[Supplied data — start]

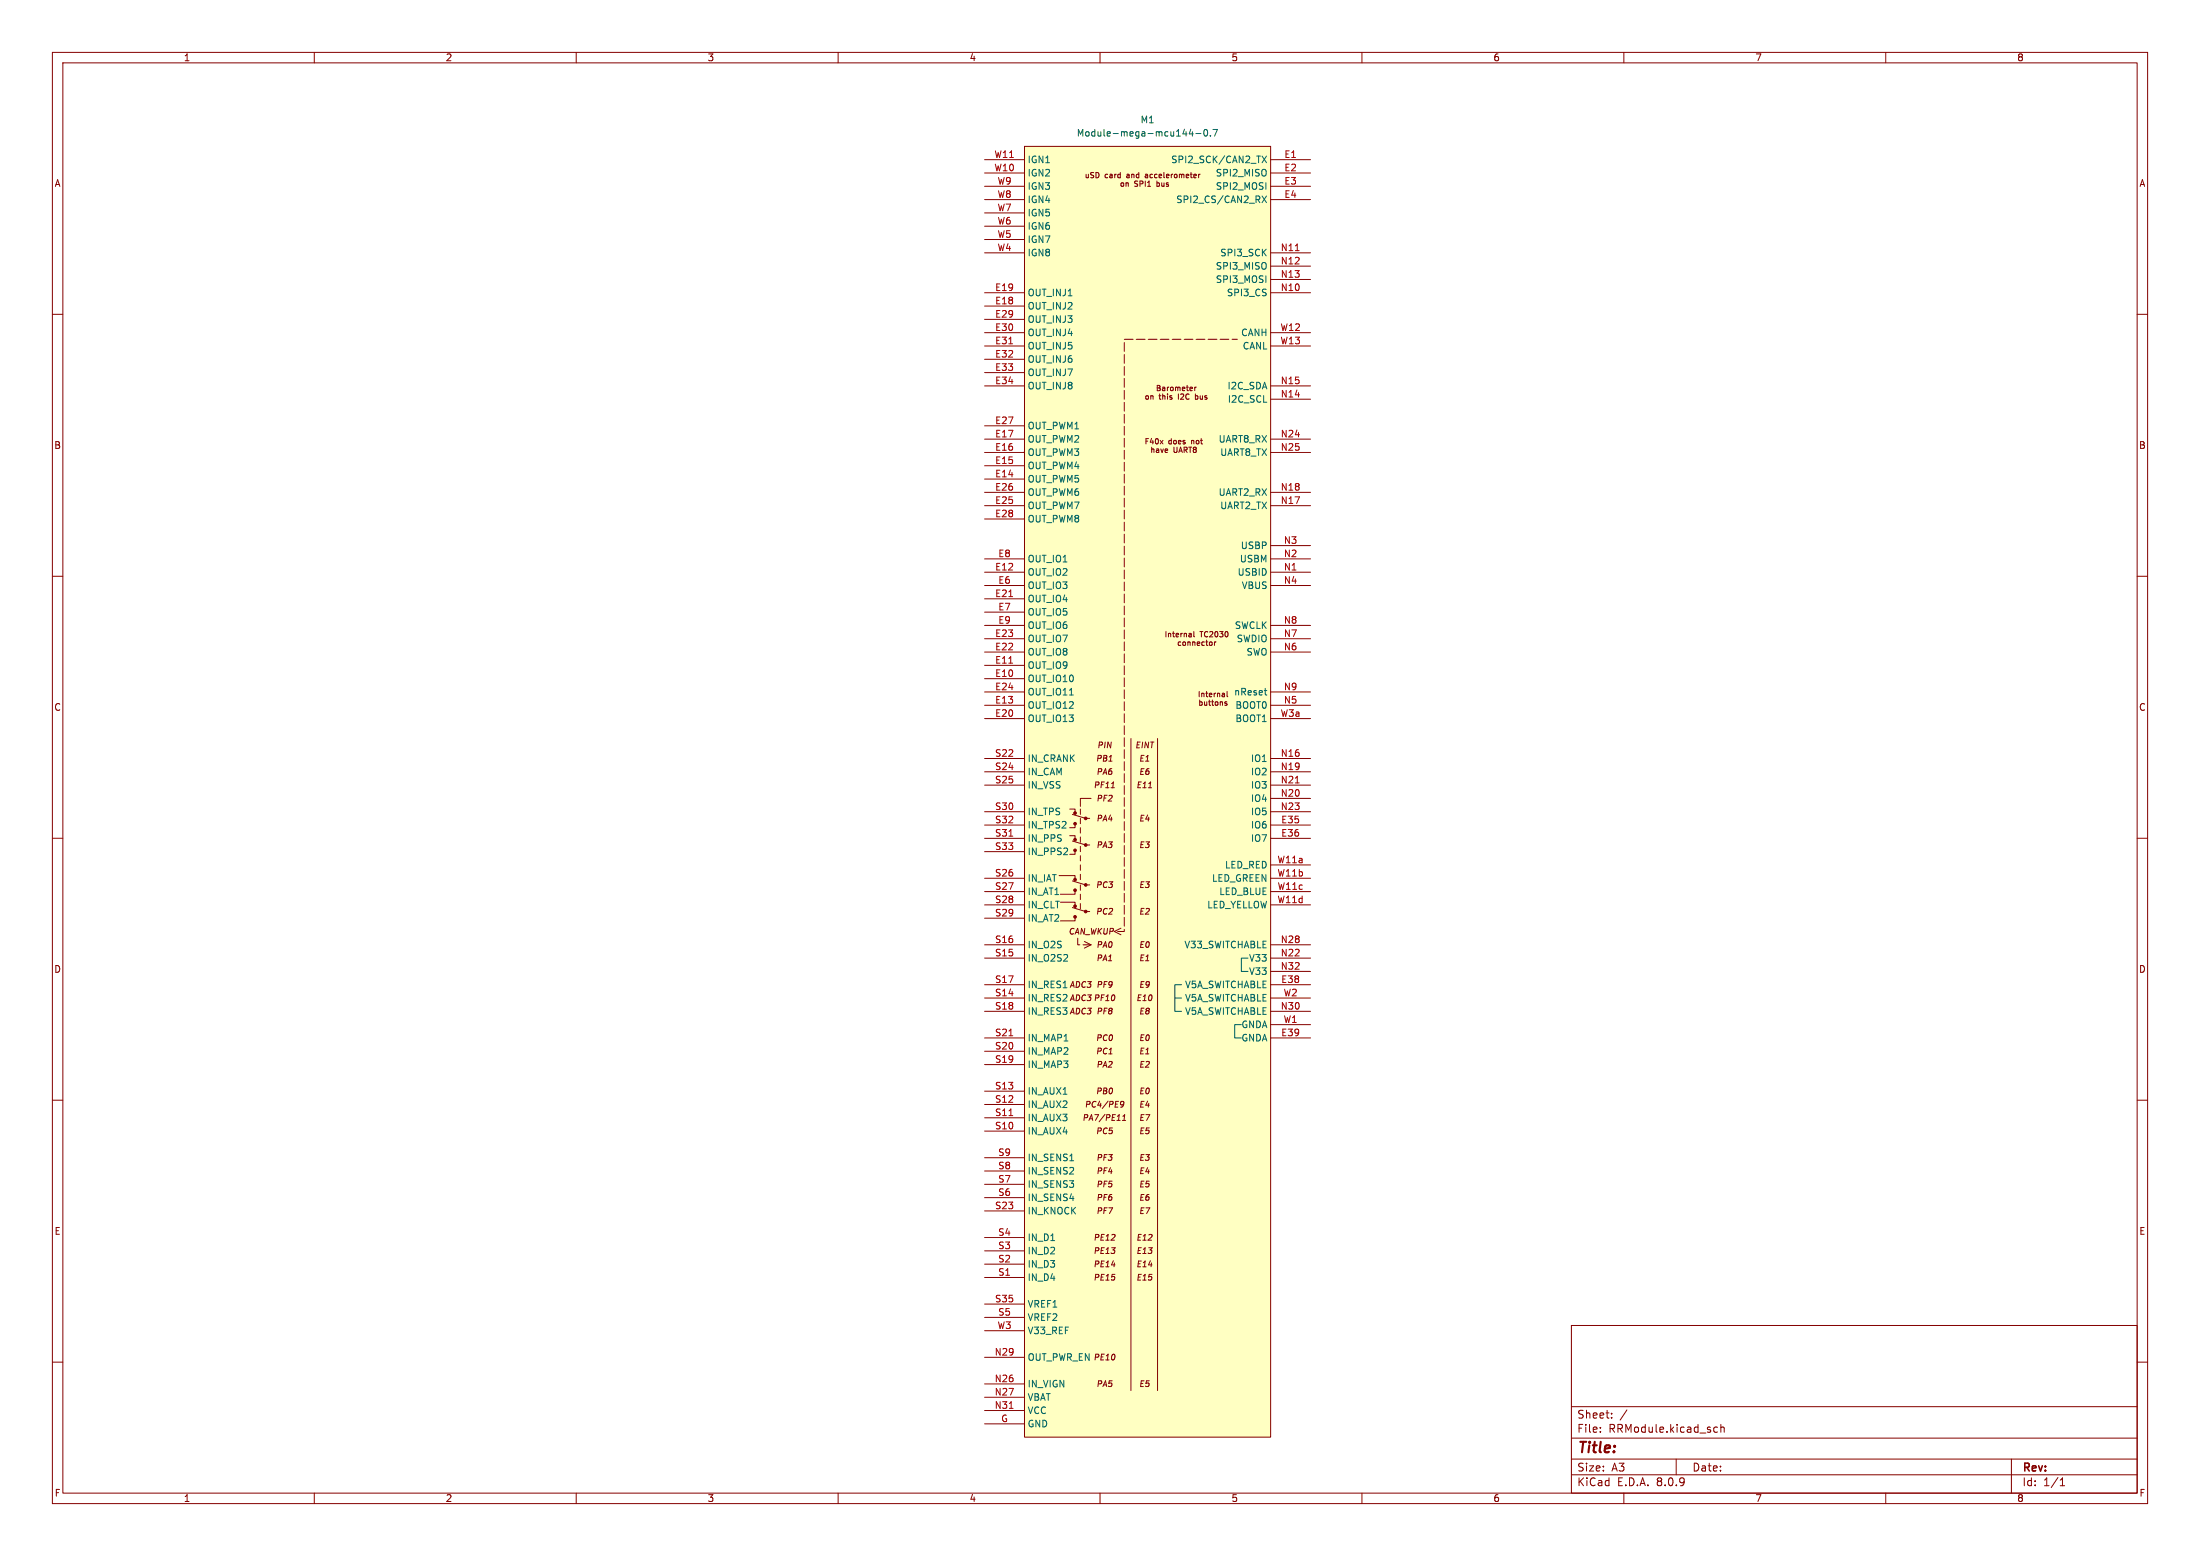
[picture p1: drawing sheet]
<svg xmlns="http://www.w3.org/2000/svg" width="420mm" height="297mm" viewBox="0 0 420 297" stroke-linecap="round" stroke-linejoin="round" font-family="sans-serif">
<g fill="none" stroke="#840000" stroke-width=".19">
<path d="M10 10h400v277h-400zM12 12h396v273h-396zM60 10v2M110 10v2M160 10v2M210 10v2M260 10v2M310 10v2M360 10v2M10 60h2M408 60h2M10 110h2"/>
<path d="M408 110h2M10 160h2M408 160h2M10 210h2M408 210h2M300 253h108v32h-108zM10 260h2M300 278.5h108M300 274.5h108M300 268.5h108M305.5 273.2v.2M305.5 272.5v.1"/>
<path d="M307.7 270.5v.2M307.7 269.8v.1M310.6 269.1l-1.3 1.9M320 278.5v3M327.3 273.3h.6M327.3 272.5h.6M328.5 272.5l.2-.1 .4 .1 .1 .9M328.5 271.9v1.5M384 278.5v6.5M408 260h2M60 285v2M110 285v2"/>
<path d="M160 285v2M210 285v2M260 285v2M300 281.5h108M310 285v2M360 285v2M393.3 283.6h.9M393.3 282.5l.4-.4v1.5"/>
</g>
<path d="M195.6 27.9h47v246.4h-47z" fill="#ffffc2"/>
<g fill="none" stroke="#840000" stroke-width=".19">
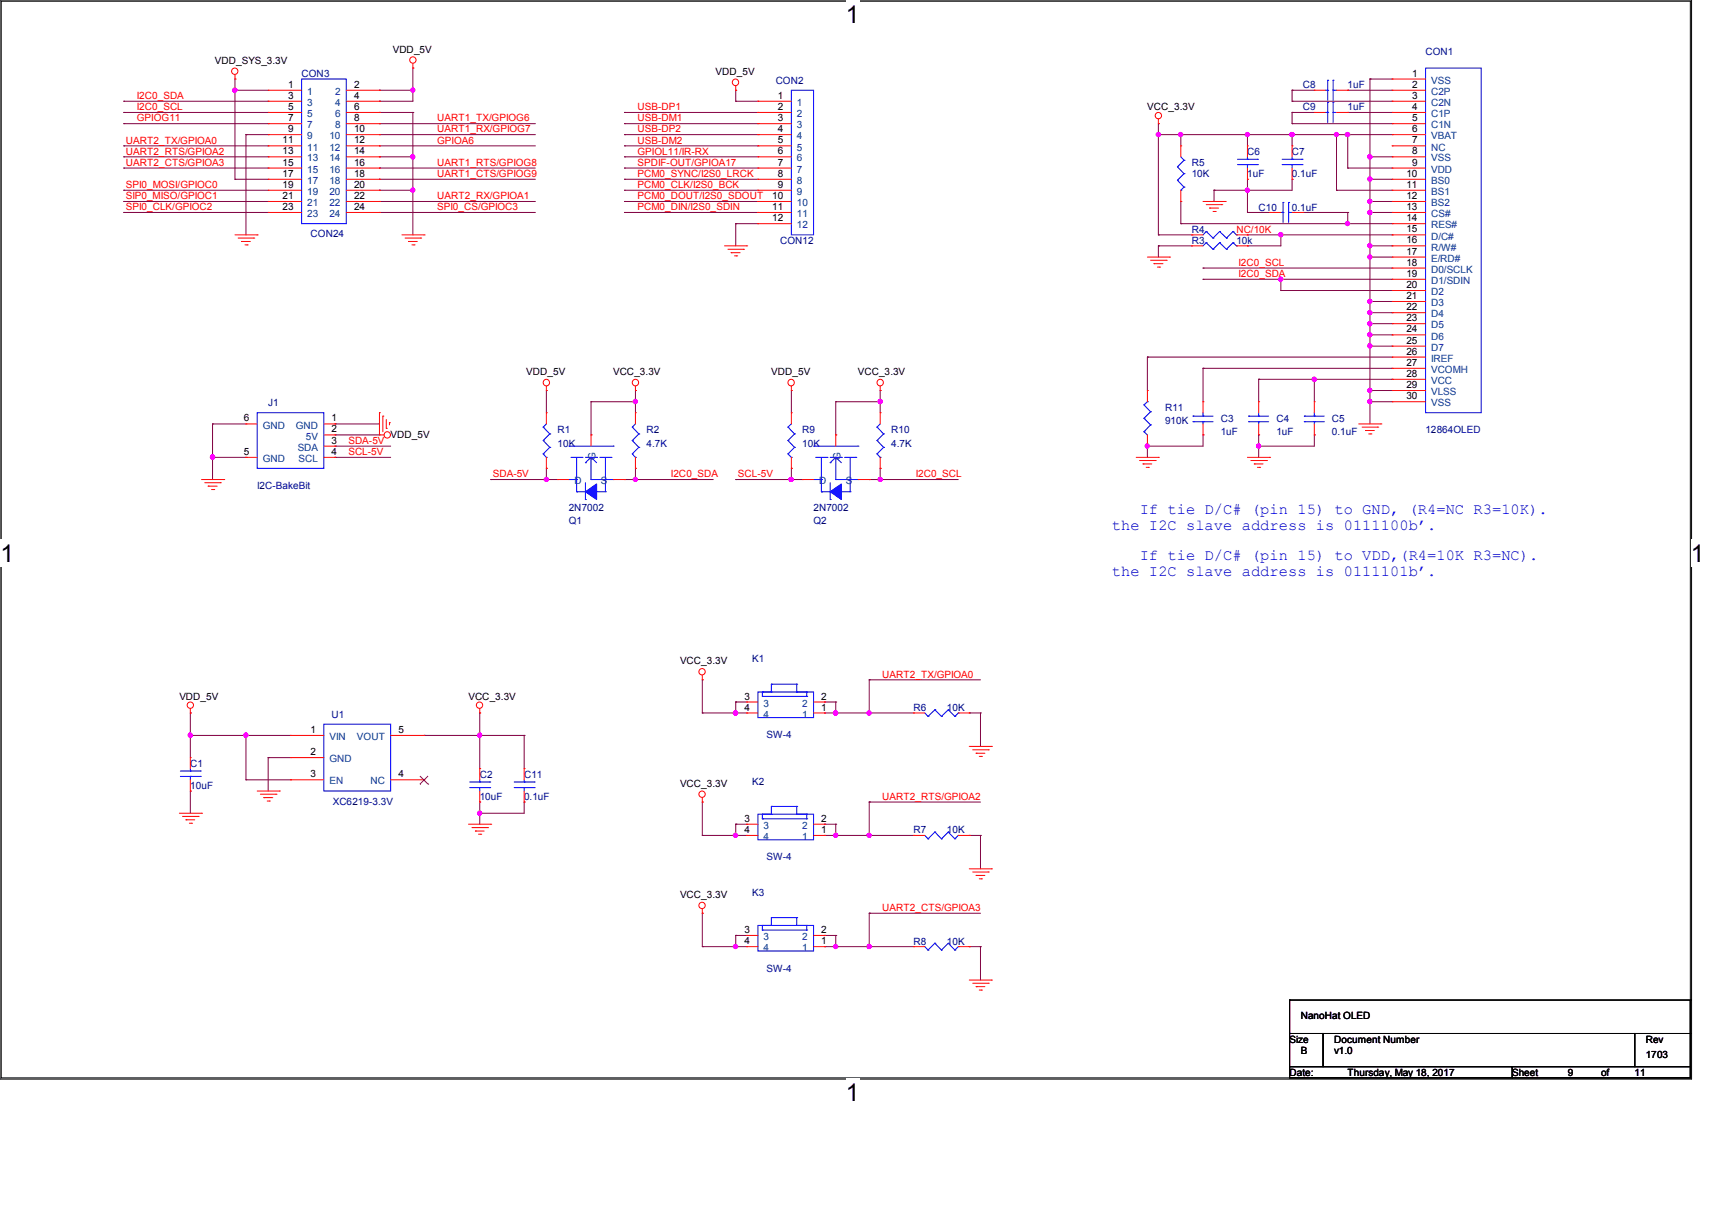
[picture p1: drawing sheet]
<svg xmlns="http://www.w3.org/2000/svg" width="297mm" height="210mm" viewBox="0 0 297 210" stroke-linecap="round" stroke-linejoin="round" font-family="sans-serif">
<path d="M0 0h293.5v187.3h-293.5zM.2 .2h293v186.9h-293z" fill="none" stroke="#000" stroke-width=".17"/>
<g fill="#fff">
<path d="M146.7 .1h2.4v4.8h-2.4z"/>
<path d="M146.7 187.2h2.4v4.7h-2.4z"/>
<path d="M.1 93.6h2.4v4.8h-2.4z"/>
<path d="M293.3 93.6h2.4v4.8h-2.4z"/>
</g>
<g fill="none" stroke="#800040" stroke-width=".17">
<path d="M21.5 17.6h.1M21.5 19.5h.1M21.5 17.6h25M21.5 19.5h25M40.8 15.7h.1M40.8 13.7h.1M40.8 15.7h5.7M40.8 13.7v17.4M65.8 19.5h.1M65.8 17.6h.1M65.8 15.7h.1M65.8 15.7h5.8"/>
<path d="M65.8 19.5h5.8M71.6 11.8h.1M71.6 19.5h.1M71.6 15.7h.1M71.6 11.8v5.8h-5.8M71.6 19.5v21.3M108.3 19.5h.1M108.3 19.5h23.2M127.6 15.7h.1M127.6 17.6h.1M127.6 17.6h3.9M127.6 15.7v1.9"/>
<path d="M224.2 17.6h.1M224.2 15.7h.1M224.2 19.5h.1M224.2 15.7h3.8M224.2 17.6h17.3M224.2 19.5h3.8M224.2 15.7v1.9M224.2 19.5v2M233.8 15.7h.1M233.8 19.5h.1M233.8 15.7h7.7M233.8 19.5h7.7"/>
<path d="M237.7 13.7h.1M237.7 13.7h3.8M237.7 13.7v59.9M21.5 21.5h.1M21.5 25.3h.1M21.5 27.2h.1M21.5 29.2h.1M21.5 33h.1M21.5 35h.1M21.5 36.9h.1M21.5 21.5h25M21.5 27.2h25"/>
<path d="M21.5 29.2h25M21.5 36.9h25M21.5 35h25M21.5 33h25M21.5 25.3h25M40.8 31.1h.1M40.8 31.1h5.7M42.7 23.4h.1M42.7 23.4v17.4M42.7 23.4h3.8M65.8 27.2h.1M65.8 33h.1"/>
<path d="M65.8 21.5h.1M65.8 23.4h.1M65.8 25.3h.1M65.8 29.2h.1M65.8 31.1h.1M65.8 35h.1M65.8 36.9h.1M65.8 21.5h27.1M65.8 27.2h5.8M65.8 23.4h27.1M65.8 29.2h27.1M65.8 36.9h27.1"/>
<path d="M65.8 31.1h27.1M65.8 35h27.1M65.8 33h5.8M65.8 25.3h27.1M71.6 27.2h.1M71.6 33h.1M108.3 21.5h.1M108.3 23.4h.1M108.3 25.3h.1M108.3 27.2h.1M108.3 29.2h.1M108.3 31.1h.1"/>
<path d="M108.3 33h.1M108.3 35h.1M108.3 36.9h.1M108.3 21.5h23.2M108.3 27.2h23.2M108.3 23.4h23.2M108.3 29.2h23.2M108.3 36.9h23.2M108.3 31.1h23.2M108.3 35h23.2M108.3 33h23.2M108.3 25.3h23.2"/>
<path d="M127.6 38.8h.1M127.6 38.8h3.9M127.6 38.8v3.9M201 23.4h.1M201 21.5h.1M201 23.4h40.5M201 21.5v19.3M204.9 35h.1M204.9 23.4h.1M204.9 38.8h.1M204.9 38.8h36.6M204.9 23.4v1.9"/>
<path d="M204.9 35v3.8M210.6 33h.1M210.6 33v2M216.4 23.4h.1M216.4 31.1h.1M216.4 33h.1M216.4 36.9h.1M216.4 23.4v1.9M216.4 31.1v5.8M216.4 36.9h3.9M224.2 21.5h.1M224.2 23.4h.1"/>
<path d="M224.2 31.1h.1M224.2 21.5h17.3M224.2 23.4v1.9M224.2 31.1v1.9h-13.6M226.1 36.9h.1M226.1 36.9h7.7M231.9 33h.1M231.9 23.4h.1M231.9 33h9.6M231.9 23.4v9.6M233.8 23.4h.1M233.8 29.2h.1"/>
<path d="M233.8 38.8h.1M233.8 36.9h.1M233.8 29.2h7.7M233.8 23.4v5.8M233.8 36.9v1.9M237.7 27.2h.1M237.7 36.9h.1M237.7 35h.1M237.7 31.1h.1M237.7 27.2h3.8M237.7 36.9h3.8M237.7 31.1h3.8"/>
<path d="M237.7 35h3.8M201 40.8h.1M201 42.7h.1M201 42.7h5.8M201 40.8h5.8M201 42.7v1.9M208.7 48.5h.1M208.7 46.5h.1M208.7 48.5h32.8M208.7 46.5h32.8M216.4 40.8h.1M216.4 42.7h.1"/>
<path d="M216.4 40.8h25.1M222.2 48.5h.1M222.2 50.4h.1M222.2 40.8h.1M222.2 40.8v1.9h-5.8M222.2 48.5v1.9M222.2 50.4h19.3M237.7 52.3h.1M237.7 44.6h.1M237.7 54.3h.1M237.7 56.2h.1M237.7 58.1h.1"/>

[Supplied data — finish]

- **Exercise directions**
The task calls for repeating each line above exactly while excluding the pictures.

- **Written reply**
[picture p1: drawing sheet]
<svg xmlns="http://www.w3.org/2000/svg" width="420mm" height="297mm" viewBox="0 0 420 297" stroke-linecap="round" stroke-linejoin="round" font-family="sans-serif">
<g fill="none" stroke="#840000" stroke-width=".19">
<path d="M10 10h400v277h-400zM12 12h396v273h-396zM60 10v2M110 10v2M160 10v2M210 10v2M260 10v2M310 10v2M360 10v2M10 60h2M408 60h2M10 110h2"/>
<path d="M408 110h2M10 160h2M408 160h2M10 210h2M408 210h2M300 253h108v32h-108zM10 260h2M300 278.5h108M300 274.5h108M300 268.5h108M305.5 273.2v.2M305.5 272.5v.1"/>
<path d="M307.7 270.5v.2M307.7 269.8v.1M310.6 269.1l-1.3 1.9M320 278.5v3M327.3 273.3h.6M327.3 272.5h.6M328.5 272.5l.2-.1 .4 .1 .1 .9M328.5 271.9v1.5M384 278.5v6.5M408 260h2M60 285v2M110 285v2"/>
<path d="M160 285v2M210 285v2M260 285v2M300 281.5h108M310 285v2M360 285v2M393.3 283.6h.9M393.3 282.5l.4-.4v1.5"/>
</g>
<path d="M195.6 27.9h47v246.4h-47z" fill="#ffffc2"/>
<g fill="none" stroke="#840000" stroke-width=".19">
[picture p1: drawing sheet]
<svg xmlns="http://www.w3.org/2000/svg" width="297mm" height="210mm" viewBox="0 0 297 210" stroke-linecap="round" stroke-linejoin="round" font-family="sans-serif">
<path d="M0 0h293.5v187.3h-293.5zM.2 .2h293v186.9h-293z" fill="none" stroke="#000" stroke-width=".17"/>
<g fill="#fff">
<path d="M146.7 .1h2.4v4.8h-2.4z"/>
<path d="M146.7 187.2h2.4v4.7h-2.4z"/>
<path d="M.1 93.6h2.4v4.8h-2.4z"/>
<path d="M293.3 93.6h2.4v4.8h-2.4z"/>
</g>
<g fill="none" stroke="#800040" stroke-width=".17">
<path d="M21.5 17.6h.1M21.5 19.5h.1M21.5 17.6h25M21.5 19.5h25M40.8 15.7h.1M40.8 13.7h.1M40.8 15.7h5.7M40.8 13.7v17.4M65.8 19.5h.1M65.8 17.6h.1M65.8 15.7h.1M65.8 15.7h5.8"/>
<path d="M65.8 19.5h5.8M71.6 11.8h.1M71.6 19.5h.1M71.6 15.7h.1M71.6 11.8v5.8h-5.8M71.6 19.5v21.3M108.3 19.5h.1M108.3 19.5h23.2M127.6 15.7h.1M127.6 17.6h.1M127.6 17.6h3.9M127.6 15.7v1.9"/>
<path d="M224.2 17.6h.1M224.2 15.7h.1M224.2 19.5h.1M224.2 15.7h3.8M224.2 17.6h17.3M224.2 19.5h3.8M224.2 15.7v1.9M224.2 19.5v2M233.8 15.7h.1M233.8 19.5h.1M233.8 15.7h7.7M233.8 19.5h7.7"/>
<path d="M237.7 13.7h.1M237.7 13.7h3.8M237.7 13.7v59.9M21.5 21.5h.1M21.5 25.3h.1M21.5 27.2h.1M21.5 29.2h.1M21.5 33h.1M21.5 35h.1M21.5 36.9h.1M21.5 21.5h25M21.5 27.2h25"/>
<path d="M21.5 29.2h25M21.5 36.9h25M21.5 35h25M21.5 33h25M21.5 25.3h25M40.8 31.1h.1M40.8 31.1h5.7M42.7 23.4h.1M42.7 23.4v17.4M42.7 23.4h3.8M65.8 27.2h.1M65.8 33h.1"/>
<path d="M65.8 21.5h.1M65.8 23.4h.1M65.8 25.3h.1M65.8 29.2h.1M65.8 31.1h.1M65.8 35h.1M65.8 36.9h.1M65.8 21.5h27.1M65.8 27.2h5.8M65.8 23.4h27.1M65.8 29.2h27.1M65.8 36.9h27.1"/>
<path d="M65.8 31.1h27.1M65.8 35h27.1M65.8 33h5.8M65.8 25.3h27.1M71.6 27.2h.1M71.6 33h.1M108.3 21.5h.1M108.3 23.4h.1M108.3 25.3h.1M108.3 27.2h.1M108.3 29.2h.1M108.3 31.1h.1"/>
<path d="M108.3 33h.1M108.3 35h.1M108.3 36.9h.1M108.3 21.5h23.2M108.3 27.2h23.2M108.3 23.4h23.2M108.3 29.2h23.2M108.3 36.9h23.2M108.3 31.1h23.2M108.3 35h23.2M108.3 33h23.2M108.3 25.3h23.2"/>
<path d="M127.6 38.8h.1M127.6 38.8h3.9M127.6 38.8v3.9M201 23.4h.1M201 21.5h.1M201 23.4h40.5M201 21.5v19.3M204.9 35h.1M204.9 23.4h.1M204.9 38.8h.1M204.9 38.8h36.6M204.9 23.4v1.9"/>
<path d="M204.9 35v3.8M210.6 33h.1M210.6 33v2M216.4 23.4h.1M216.4 31.1h.1M216.4 33h.1M216.4 36.9h.1M216.4 23.4v1.9M216.4 31.1v5.8M216.4 36.9h3.9M224.2 21.5h.1M224.2 23.4h.1"/>
<path d="M224.2 31.1h.1M224.2 21.5h17.3M224.2 23.4v1.9M224.2 31.1v1.9h-13.6M226.1 36.9h.1M226.1 36.9h7.7M231.9 33h.1M231.9 23.4h.1M231.9 33h9.6M231.9 23.4v9.6M233.8 23.4h.1M233.8 29.2h.1"/>
<path d="M233.8 38.8h.1M233.8 36.9h.1M233.8 29.2h7.7M233.8 23.4v5.8M233.8 36.9v1.9M237.7 27.2h.1M237.7 36.9h.1M237.7 35h.1M237.7 31.1h.1M237.7 27.2h3.8M237.7 36.9h3.8M237.7 31.1h3.8"/>
<path d="M237.7 35h3.8M201 40.8h.1M201 42.7h.1M201 42.7h5.8M201 40.8h5.8M201 42.7v1.9M208.7 48.5h.1M208.7 46.5h.1M208.7 48.5h32.8M208.7 46.5h32.8M216.4 40.8h.1M216.4 42.7h.1"/>
<path d="M216.4 40.8h25.1M222.2 48.5h.1M222.2 50.4h.1M222.2 40.8h.1M222.2 40.8v1.9h-5.8M222.2 48.5v1.9M222.2 50.4h19.3M237.7 52.3h.1M237.7 44.6h.1M237.7 54.3h.1M237.7 56.2h.1M237.7 58.1h.1"/>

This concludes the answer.